Problem »
Please write out exactly the lines of the data below from the line holding "#4=PRODUCT('Part','Part','',(#3));" through the line holding "#21=DIRECTION('',(0.118369313114747,-0.992969639874625,0.));", and leave out the rest.
====== Data records
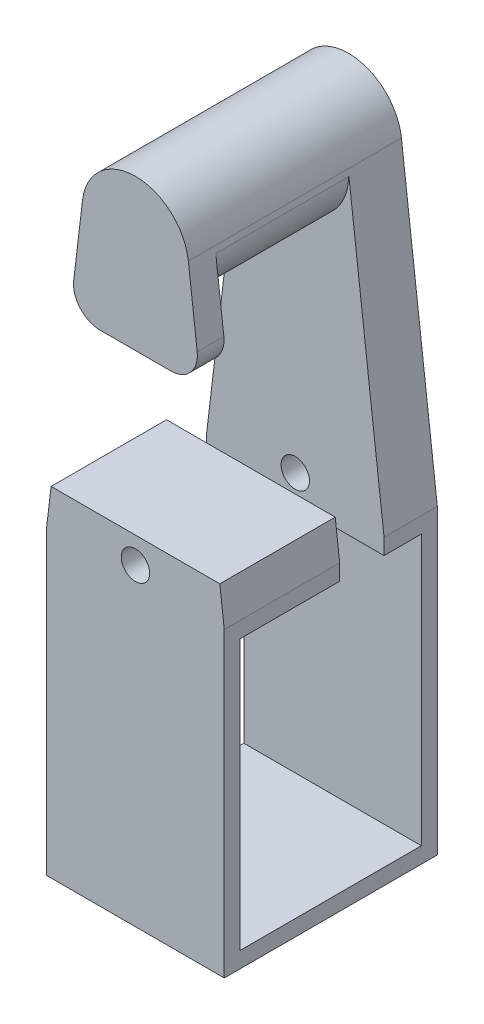
ISO-10303-21;
HEADER;
FILE_DESCRIPTION(('STEP AP214'),'2;1');
FILE_NAME('part.step','',(''),(''),'','','');
FILE_SCHEMA(('AUTOMOTIVE_DESIGN { 1 0 10303 214 1 1 1 1 }'));
ENDSEC;
DATA;
#1=APPLICATION_CONTEXT('core data for automotive mechanical design processes');
#2=APPLICATION_PROTOCOL_DEFINITION('international standard','automotive_design',2000,#1);
#3=PRODUCT_CONTEXT('',#1,'mechanical');
#4=PRODUCT('Part','Part','',(#3));
#5=PRODUCT_RELATED_PRODUCT_CATEGORY('part','',(#4));
#6=PRODUCT_DEFINITION_FORMATION('','',#4);
#7=PRODUCT_DEFINITION_CONTEXT('part definition',#1,'design');
#8=PRODUCT_DEFINITION('design','',#6,#7);
#9=PRODUCT_DEFINITION_SHAPE('','',#8);
#10=(LENGTH_UNIT() NAMED_UNIT(*) SI_UNIT(.MILLI.,.METRE.));
#11=(NAMED_UNIT(*) PLANE_ANGLE_UNIT() SI_UNIT($,.RADIAN.));
#12=(NAMED_UNIT(*) SI_UNIT($,.STERADIAN.) SOLID_ANGLE_UNIT());
#13=UNCERTAINTY_MEASURE_WITH_UNIT(LENGTH_MEASURE(1.E-05),#10,'distance_accuracy_value','');
#14=(GEOMETRIC_REPRESENTATION_CONTEXT(3) GLOBAL_UNCERTAINTY_ASSIGNED_CONTEXT((#13)) GLOBAL_UNIT_ASSIGNED_CONTEXT((#10,
#11,#12)) REPRESENTATION_CONTEXT('',''));
#15=CARTESIAN_POINT('',(0.,0.,0.));
#16=DIRECTION('',(0.,0.,1.));
#17=DIRECTION('',(1.,0.,0.));
#18=AXIS2_PLACEMENT_3D('',#15,#16,#17);
#19=CARTESIAN_POINT('',(20.,34.,24.));
#20=DIRECTION('',(-0.992969639874625,-0.118369313114747,0.));
#21=DIRECTION('',(0.118369313114747,-0.992969639874625,0.));
#22=AXIS2_PLACEMENT_3D('',#19,#20,#21);
#23=PLANE('',#22);
#24=DIRECTION('',(-0.118369313114747,0.992969639874625,0.));
#25=VECTOR('',#24,1.);
#26=CARTESIAN_POINT('',(20.,34.,24.));
#27=LINE('',#26,#25);
#28=CARTESIAN_POINT('',(16.9538083993465,59.553715714797,24.));
#29=VERTEX_POINT('',#28);
#30=CARTESIAN_POINT('',(15.9578178392477,67.9088236541412,24.));
#31=VERTEX_POINT('',#30);
#32=EDGE_CURVE('E318',#29,#31,#27,.T.);
#33=ORIENTED_EDGE('',*,*,#32,.F.);
#34=DIRECTION('',(0.,0.,-1.));
#35=VECTOR('',#34,1.);
#36=CARTESIAN_POINT('',(16.9538083993465,59.553715714797,24.));
#37=LINE('',#36,#35);
#38=CARTESIAN_POINT('',(16.9538083993465,59.553715714797,21.));
#39=VERTEX_POINT('',#38);
#40=EDGE_CURVE('E379',#29,#39,#37,.T.);
#41=ORIENTED_EDGE('',*,*,#40,.T.);
#42=DIRECTION('',(-0.118369313114747,0.992969639874625,0.));
#43=VECTOR('',#42,1.);
#44=CARTESIAN_POINT('',(20.,34.,21.));
#45=LINE('',#44,#43);
#46=CARTESIAN_POINT('',(16.0424808161885,67.1986077754528,21.));
#47=VERTEX_POINT('',#46);
#48=EDGE_CURVE('E304',#39,#47,#45,.T.);
#49=ORIENTED_EDGE('',*,*,#48,.T.);
#50=DIRECTION('',(0.,0.,1.));
#51=VECTOR('',#50,1.);
#52=CARTESIAN_POINT('',(16.0424808161885,67.1986077754528,24.));
#53=LINE('',#52,#51);
#54=CARTESIAN_POINT('',(16.0424808161885,67.1986077754528,6.00000000000001));
#55=VERTEX_POINT('',#54);
#56=EDGE_CURVE('E205',#55,#47,#53,.T.);
#57=ORIENTED_EDGE('',*,*,#56,.F.);
#58=DIRECTION('',(0.118369313114747,-0.992969639874625,0.));
#59=VECTOR('',#58,1.);
#60=CARTESIAN_POINT('',(20.,34.,6.));
#61=LINE('',#60,#59);
#62=CARTESIAN_POINT('',(20.,34.,6.));
#63=VERTEX_POINT('',#62);
#64=EDGE_CURVE('E302',#55,#63,#61,.T.);
#65=ORIENTED_EDGE('',*,*,#64,.T.);
#66=DIRECTION('',(0.,0.,-1.));
#67=VECTOR('',#66,1.);
#68=CARTESIAN_POINT('',(20.,34.,24.));
#69=LINE('',#68,#67);
#70=CARTESIAN_POINT('',(20.,34.,0.));
#71=VERTEX_POINT('',#70);
#72=EDGE_CURVE('E350',#63,#71,#69,.T.);
#73=ORIENTED_EDGE('',*,*,#72,.T.);
#74=DIRECTION('',(-0.118369313114747,0.992969639874625,0.));
#75=VECTOR('',#74,1.);
#76=CARTESIAN_POINT('',(20.,34.,0.));
#77=LINE('',#76,#75);
#78=CARTESIAN_POINT('',(15.9578178392477,67.9088236541412,0.));
#79=VERTEX_POINT('',#78);
#80=EDGE_CURVE('E335',#71,#79,#77,.T.);
#81=ORIENTED_EDGE('',*,*,#80,.T.);
#82=DIRECTION('',(0.,0.,-1.));
#83=VECTOR('',#82,1.);
#84=CARTESIAN_POINT('',(15.9578178392477,67.9088236541412,24.));
#85=LINE('',#84,#83);
#86=EDGE_CURVE('E347',#31,#79,#85,.T.);
#87=ORIENTED_EDGE('',*,*,#86,.F.);
#88=EDGE_LOOP('',(#33,#41,#49,#57,#65,#73,#81,#87));
#89=FACE_BOUND('',#88,.T.);
#90=ADVANCED_FACE('F35',(#89),#23,.F.);
#91=CARTESIAN_POINT('',(0.,34.,24.));
#92=DIRECTION('',(0.992969639874625,-0.118369313114747,0.));
#93=DIRECTION('',(0.118369313114747,0.992969639874625,0.));
#94=AXIS2_PLACEMENT_3D('',#91,#92,#93);
#95=PLANE('',#94);
#96=DIRECTION('',(-0.118369313114747,-0.992969639874625,0.));
#97=VECTOR('',#96,1.);
#98=CARTESIAN_POINT('',(0.,34.,21.));
#99=LINE('',#98,#97);
#100=CARTESIAN_POINT('',(3.95751918381153,67.1986077754528,21.));
#101=VERTEX_POINT('',#100);
#102=CARTESIAN_POINT('',(3.04619160065353,59.553715714797,21.));
#103=VERTEX_POINT('',#102);
#104=EDGE_CURVE('E367',#101,#103,#99,.T.);
#105=ORIENTED_EDGE('',*,*,#104,.T.);
#106=DIRECTION('',(0.,0.,1.));
#107=VECTOR('',#106,1.);
#108=CARTESIAN_POINT('',(3.04619160065353,59.553715714797,24.));
#109=LINE('',#108,#107);
#110=CARTESIAN_POINT('',(3.04619160065353,59.553715714797,24.));
#111=VERTEX_POINT('',#110);
#112=EDGE_CURVE('E11',#103,#111,#109,.T.);
#113=ORIENTED_EDGE('',*,*,#112,.T.);
#114=DIRECTION('',(-0.118369313114747,-0.992969639874625,0.));
#115=VECTOR('',#114,1.);
#116=CARTESIAN_POINT('',(0.,34.,24.));
#117=LINE('',#116,#115);
#118=CARTESIAN_POINT('',(4.04218216075225,67.9088236541412,24.));
#119=VERTEX_POINT('',#118);
#120=EDGE_CURVE('E325',#119,#111,#117,.T.);
#121=ORIENTED_EDGE('',*,*,#120,.F.);
#122=DIRECTION('',(0.,0.,-1.));
#123=VECTOR('',#122,1.);
#124=CARTESIAN_POINT('',(4.04218216075225,67.9088236541412,24.));
#125=LINE('',#124,#123);
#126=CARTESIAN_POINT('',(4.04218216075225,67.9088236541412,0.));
============
Your solution »
#4=PRODUCT('Part','Part','',(#3));
#5=PRODUCT_RELATED_PRODUCT_CATEGORY('part','',(#4));
#6=PRODUCT_DEFINITION_FORMATION('','',#4);
#7=PRODUCT_DEFINITION_CONTEXT('part definition',#1,'design');
#8=PRODUCT_DEFINITION('design','',#6,#7);
#9=PRODUCT_DEFINITION_SHAPE('','',#8);
#10=(LENGTH_UNIT() NAMED_UNIT(*) SI_UNIT(.MILLI.,.METRE.));
#11=(NAMED_UNIT(*) PLANE_ANGLE_UNIT() SI_UNIT($,.RADIAN.));
#12=(NAMED_UNIT(*) SI_UNIT($,.STERADIAN.) SOLID_ANGLE_UNIT());
#13=UNCERTAINTY_MEASURE_WITH_UNIT(LENGTH_MEASURE(1.E-05),#10,'distance_accuracy_value','');
#14=(GEOMETRIC_REPRESENTATION_CONTEXT(3) GLOBAL_UNCERTAINTY_ASSIGNED_CONTEXT((#13)) GLOBAL_UNIT_ASSIGNED_CONTEXT((#10,
#11,#12)) REPRESENTATION_CONTEXT('',''));
#15=CARTESIAN_POINT('',(0.,0.,0.));
#16=DIRECTION('',(0.,0.,1.));
#17=DIRECTION('',(1.,0.,0.));
#18=AXIS2_PLACEMENT_3D('',#15,#16,#17);
#19=CARTESIAN_POINT('',(20.,34.,24.));
#20=DIRECTION('',(-0.992969639874625,-0.118369313114747,0.));
#21=DIRECTION('',(0.118369313114747,-0.992969639874625,0.));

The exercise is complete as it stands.